Seeds of Hatred is the debut novel of author Christian Nadeau.
The lands of humanity are slipping into chaos. The Brotherhood of Khan reigns with an iron, tyrannical fist. The aristocracy displays hollow smiles and plots to regain lost power. The Fey lurk on the fringes, harboring centuries-old resentments. The Abraxans, servants of darkness, make ready to unleash a series of crippling attacks, while the Ezekans, cult of light, frantically struggle to weather the impending storm. Allegiances crumble, assassins eliminate targets, and fanatics burn it all. Behind the turmoil, ancients join the game. War is inevitable.
Into this bedlam of intrigue and infighting are thrust major players and unwitting pawns alike. Lieutenant Soren, eager officer of the Brotherhood; Marac, the brutal assassin; Lady Cullings, the scheming aristocrat; Elyas, heretic and ominous sorcerer; and Alex Ines, a fiery servant of the god of light. As bonds are broken and factions scramble for power, each finds their world shattered. Amidst total war, the struggle for their own morality becomes the greatest battle of all.
Seeds of Hatred is a novel that is clearly medieval fantasy, yet still wears many hats. It combines the depth and scope of Game of Thrones with the sinister grit of The Dark Tower series, which lands this book firmly in both the Epic Fantasy and Dark Fantasy categories.
The world-building skill displayed here is exceptional, and that is the novel’s most appealing quality. Nadeau brings an impressively intricate world of opposing factions and shifting loyalties to readers in Seeds of Hatred. The factions, cults, and peoples are clearly defined, as is the historical timeline leading up to the book’s events. This remarkable depth satisfactorily creates a fantasy world in which the reader has little trouble believing. The intrigue between and within factions is also handled deftly. A large portion of the enjoyment in Seeds of Hatred is pondering the motives behind the disparate characters and groups, and Nadeau plays them all off of each other very well.

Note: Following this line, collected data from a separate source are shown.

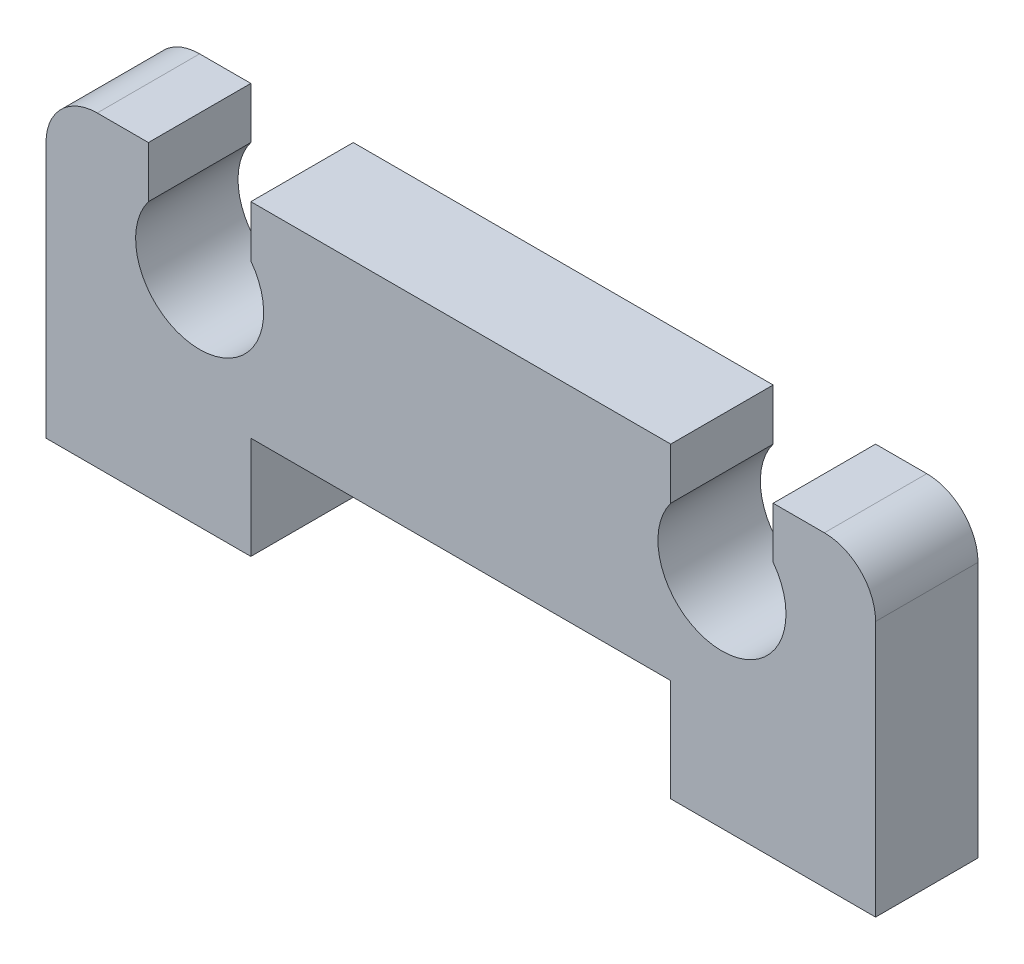
SolidWorks part; units mm, degrees
ref_plane "Front Plane" through (0, 0, 0) normal (0, 0, 1) x (1, 0, 0)
ref_plane "Top Plane" through (0, 0, 0) normal (0, 1, 0) x (1, 0, 0)
ref_plane "Right Plane" through (0, 0, 0) normal (1, 0, 0) x (0, 0, -1)
sketch "Sketch1" plane through (0, 0, 0) normal (0, 0, 1) x (1, 0, 0)
  line L0 (12.2, 2) -> (12.2, 0)
  line L1 (12.2, 6) -> (12.2, 5)
  line L2 (4, 2) -> (12.2, 2)
  line L3 (0, 0) -> (4, 0)
  line L4 (4, 0) -> (4, 2)
  line L5 (2, 6) -> (2, 5)
  line L6 (16.2, 0) -> (12.2, 0)
  line L7 (2, 6) -> (1, 6)
  line L8 (4, 6) -> (4, 5)
  line L9 (14.2, 6) -> (14.2, 5)
  line L10 (14.2, 6) -> (15.2, 6)
  line L11 (16.2, 5) -> (16.2, 0)
  line L12 (0, 0) -> (0, 5)
  line L13 (4, 6) -> (12.2, 6)
  arc A0 (16.2, 5) -> (15.2, 6) centre (15.2, 5) ccw
  arc A1 (2, 5) -> (4, 5) centre (3, 4.25) ccw
  arc A2 (12.2, 5) -> (14.2, 5) centre (13.2, 4.25) ccw
  arc A3 (1, 6) -> (0, 5) centre (1, 5) ccw
extrude "Boss-Extrude1" add sketch "Sketch1" along normal blind 2

There are several issues with Nadeau’s debut, however. First and foremost, Seeds of Hatred needs a serious overhaul in terms of its presentation, and, honestly, this is where a large number of the novel’s shortfalls stem. The cover is lackluster at best. (Books should not be judged by their covers, but, unfortunately, that is exactly what readers do.) Nadeau’s writing style is much too wordy, which repeatedly jars the readers out of the narrative, and long stints of passive prose are used to explain character development and plot. Some words – “interlocutor” comes to mind – are used over and over.
In essence, what this novel needs is some professional editing. Much of what is rough could be taken care of with a good, professional copy edit and narrative edit. A good editor is essential in pointing out where excessive wordiness needs to be cut, where passive voice is used, where the plot starts to drag, and where grammar needs some correction.
In summary, Seeds of Hatred is a well-envisioned narrative that falls short of its true potential. Nadeau is a budding writer however, equipped with some solid world-building skill and well on his way to discovering the essentials for an engrossing tale. Fantasy readers will want to keep an eye on Christian Nadeau for the future.